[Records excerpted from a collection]
#####

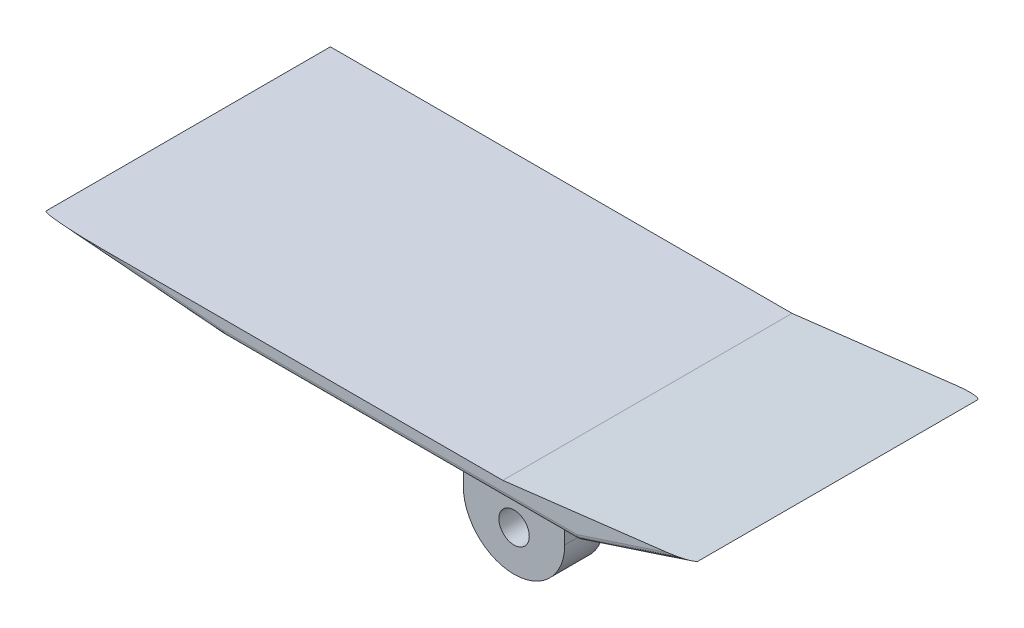
ISO-10303-21;
HEADER;
FILE_DESCRIPTION(('STEP AP214'),'2;1');
FILE_NAME('part.step','',(''),(''),'','','');
FILE_SCHEMA(('AUTOMOTIVE_DESIGN { 1 0 10303 214 1 1 1 1 }'));
ENDSEC;
DATA;
#1=APPLICATION_CONTEXT('core data for automotive mechanical design processes');
#2=APPLICATION_PROTOCOL_DEFINITION('international standard','automotive_design',2000,#1);
#3=PRODUCT_CONTEXT('',#1,'mechanical');
#4=PRODUCT('Part','Part','',(#3));
#5=PRODUCT_RELATED_PRODUCT_CATEGORY('part','',(#4));
#6=PRODUCT_DEFINITION_FORMATION('','',#4);
#7=PRODUCT_DEFINITION_CONTEXT('part definition',#1,'design');
#8=PRODUCT_DEFINITION('design','',#6,#7);
#9=PRODUCT_DEFINITION_SHAPE('','',#8);
#10=(LENGTH_UNIT() NAMED_UNIT(*) SI_UNIT(.MILLI.,.METRE.));
#11=(NAMED_UNIT(*) PLANE_ANGLE_UNIT() SI_UNIT($,.RADIAN.));
#12=(NAMED_UNIT(*) SI_UNIT($,.STERADIAN.) SOLID_ANGLE_UNIT());
#13=UNCERTAINTY_MEASURE_WITH_UNIT(LENGTH_MEASURE(1.E-05),#10,'distance_accuracy_value','');
#14=(GEOMETRIC_REPRESENTATION_CONTEXT(3) GLOBAL_UNCERTAINTY_ASSIGNED_CONTEXT((#13)) GLOBAL_UNIT_ASSIGNED_CONTEXT((#10,
#11,#12)) REPRESENTATION_CONTEXT('',''));
#15=CARTESIAN_POINT('',(0.,0.,0.));
#16=DIRECTION('',(0.,0.,1.));
#17=DIRECTION('',(1.,0.,0.));
#18=AXIS2_PLACEMENT_3D('',#15,#16,#17);
#19=CARTESIAN_POINT('',(-1500.,-1340.26701012435,-168.105566683837));
#20=DIRECTION('',(0.,-1.,0.));
#21=DIRECTION('',(0.,0.,-1.));
#22=AXIS2_PLACEMENT_3D('',#19,#20,#21);
#23=PLANE('',#22);
#24=DIRECTION('',(0.,0.,-1.));
#25=VECTOR('',#24,1.);
#26=CARTESIAN_POINT('',(1992.02807752052,-1340.26701012435,-168.105566683835));
#27=LINE('',#26,#25);
#28=CARTESIAN_POINT('',(1992.02807752052,-1340.26701012435,-118.105566683837));
#29=VERTEX_POINT('',#28);
#30=CARTESIAN_POINT('',(1992.02807752052,-1340.26701012435,2635.20722599521));
#31=VERTEX_POINT('',#30);
#32=EDGE_CURVE('E296',#29,#31,#27,.F.);
#33=ORIENTED_EDGE('',*,*,#32,.T.);
#34=DIRECTION('',(1.,0.,0.));
#35=VECTOR('',#34,1.);
#36=CARTESIAN_POINT('',(-1500.,-1340.26701012435,2635.20722599521));
#37=LINE('',#36,#35);
#38=CARTESIAN_POINT('',(-1497.95145974499,-1340.26701012435,2635.20722599521));
#39=VERTEX_POINT('',#38);
#40=EDGE_CURVE('E300',#31,#39,#37,.F.);
#41=ORIENTED_EDGE('',*,*,#40,.T.);
#42=DIRECTION('',(0.,0.,-1.));
#43=VECTOR('',#42,1.);
#44=CARTESIAN_POINT('',(-1497.951459745,-1340.26701012435,-168.105566683837));
#45=LINE('',#44,#43);
#46=CARTESIAN_POINT('',(-1497.951459745,-1340.26701012435,-118.105566683837));
#47=VERTEX_POINT('',#46);
#48=EDGE_CURVE('E298',#39,#47,#45,.T.);
#49=ORIENTED_EDGE('',*,*,#48,.T.);
#50=DIRECTION('',(1.,0.,0.));
#51=VECTOR('',#50,1.);
#52=CARTESIAN_POINT('',(-1500.,-1340.26701012435,-118.105566683837));
#53=LINE('',#52,#51);
#54=EDGE_CURVE('E294',#47,#29,#53,.T.);
#55=ORIENTED_EDGE('',*,*,#54,.T.);
#56=EDGE_LOOP('',(#33,#41,#49,#55));
#57=FACE_BOUND('',#56,.T.);
#58=DIRECTION('',(0.,0.,-1.));
#59=VECTOR('',#58,1.);
#60=CARTESIAN_POINT('',(670.760339716888,-1340.26701012435,421.894433316163));
#61=LINE('',#60,#59);
#62=CARTESIAN_POINT('',(670.760339716888,-1340.26701012435,421.894433316163));
#63=VERTEX_POINT('',#62);
#64=CARTESIAN_POINT('',(670.760339716888,-1340.26701012435,31.8944333161629));
#65=VERTEX_POINT('',#64);
#66=EDGE_CURVE('E263',#63,#65,#61,.T.);
#67=ORIENTED_EDGE('',*,*,#66,.F.);
#68=DIRECTION('',(-1.,0.,0.));
#69=VECTOR('',#68,1.);
#70=CARTESIAN_POINT('',(0.,-1340.26701012435,421.894433316163));
#71=LINE('',#70,#69);
#72=CARTESIAN_POINT('',(1670.76033971689,-1340.26701012435,421.894433316163));
#73=VERTEX_POINT('',#72);
#74=EDGE_CURVE('E246',#73,#63,#71,.T.);
#75=ORIENTED_EDGE('',*,*,#74,.F.);
#76=DIRECTION('',(0.,0.,-1.));
#77=VECTOR('',#76,1.);
#78=CARTESIAN_POINT('',(1670.76033971689,-1340.26701012435,421.894433316163));
#79=LINE('',#78,#77);
#80=CARTESIAN_POINT('',(1670.76033971689,-1340.26701012435,31.8944333161629));
#81=VERTEX_POINT('',#80);
#82=EDGE_CURVE('E180',#73,#81,#79,.T.);
#83=ORIENTED_EDGE('',*,*,#82,.T.);
#84=DIRECTION('',(-1.,0.,0.));
#85=VECTOR('',#84,1.);
#86=CARTESIAN_POINT('',(0.,-1340.26701012435,31.8944333161629));
#87=LINE('',#86,#85);
#88=EDGE_CURVE('E238',#81,#65,#87,.T.);
#89=ORIENTED_EDGE('',*,*,#88,.T.);
#90=EDGE_LOOP('',(#67,#75,#83,#89));
#91=FACE_BOUND('',#90,.T.);
#92=DIRECTION('',(0.,0.,1.));
#93=VECTOR('',#92,1.);
#94=CARTESIAN_POINT('',(1670.76033971689,-1340.26701012435,2095.20722599521));
#95=LINE('',#94,#93);
#96=CARTESIAN_POINT('',(1670.76033971689,-1340.26701012435,2095.20722599521));
#97=VERTEX_POINT('',#96);
#98=CARTESIAN_POINT('',(1670.76033971689,-1340.26701012435,2485.20722599521));
#99=VERTEX_POINT('',#98);
#100=EDGE_CURVE('E228',#97,#99,#95,.T.);
#101=ORIENTED_EDGE('',*,*,#100,.F.);
#102=DIRECTION('',(1.,0.,0.));
#103=VECTOR('',#102,1.);
#104=CARTESIAN_POINT('',(0.,-1340.26701012435,2095.20722599521));
#105=LINE('',#104,#103);
#106=CARTESIAN_POINT('',(670.760339716888,-1340.26701012435,2095.20722599521));
#107=VERTEX_POINT('',#106);
#108=EDGE_CURVE('E209',#107,#97,#105,.T.);
#109=ORIENTED_EDGE('',*,*,#108,.F.);
#110=DIRECTION('',(0.,0.,1.));
#111=VECTOR('',#110,1.);
#112=CARTESIAN_POINT('',(670.760339716888,-1340.26701012435,2095.20722599521));
#113=LINE('',#112,#111);
#114=CARTESIAN_POINT('',(670.760339716888,-1340.26701012435,2485.20722599521));
#115=VERTEX_POINT('',#114);
#116=EDGE_CURVE('E225',#107,#115,#113,.T.);
#117=ORIENTED_EDGE('',*,*,#116,.T.);
#118=DIRECTION('',(1.,0.,0.));
#119=VECTOR('',#118,1.);
#120=CARTESIAN_POINT('',(0.,-1340.26701012435,2485.20722599521));
#121=LINE('',#120,#119);
#122=EDGE_CURVE('E201',#115,#99,#121,.T.);
#123=ORIENTED_EDGE('',*,*,#122,.T.);
#124=EDGE_LOOP('',(#101,#109,#117,#123));
#125=FACE_BOUND('',#124,.T.);
#126=ADVANCED_FACE('F41',(#57,#91,#125),#23,.T.);
#127=CARTESIAN_POINT('',(-1500.,-1340.26701012435,2685.20722599521));
#128=DIRECTION('',(0.,0.,1.));
#129=DIRECTION('',(1.,0.,0.));
#130=AXIS2_PLACEMENT_3D('',#127,#128,#129);
#131=PLANE('',#130);
#132=DIRECTION('',(1.,0.,0.));
#133=VECTOR('',#132,1.);
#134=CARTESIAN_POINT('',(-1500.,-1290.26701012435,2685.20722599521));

#####

* _PROBLEM REQUIREMENTS_
Find the line that contains "#125=FACE_BOUND('',#124,.T.);". Repeat it and every line after it, exactly as written, up to and including the last line of the records above.

* _EXERCISE RESULT_
#125=FACE_BOUND('',#124,.T.);
#126=ADVANCED_FACE('F41',(#57,#91,#125),#23,.T.);
#127=CARTESIAN_POINT('',(-1500.,-1340.26701012435,2685.20722599521));
#128=DIRECTION('',(0.,0.,1.));
#129=DIRECTION('',(1.,0.,0.));
#130=AXIS2_PLACEMENT_3D('',#127,#128,#129);
#131=PLANE('',#130);
#132=DIRECTION('',(1.,0.,0.));
#133=VECTOR('',#132,1.);
#134=CARTESIAN_POINT('',(-1500.,-1290.26701012435,2685.20722599521));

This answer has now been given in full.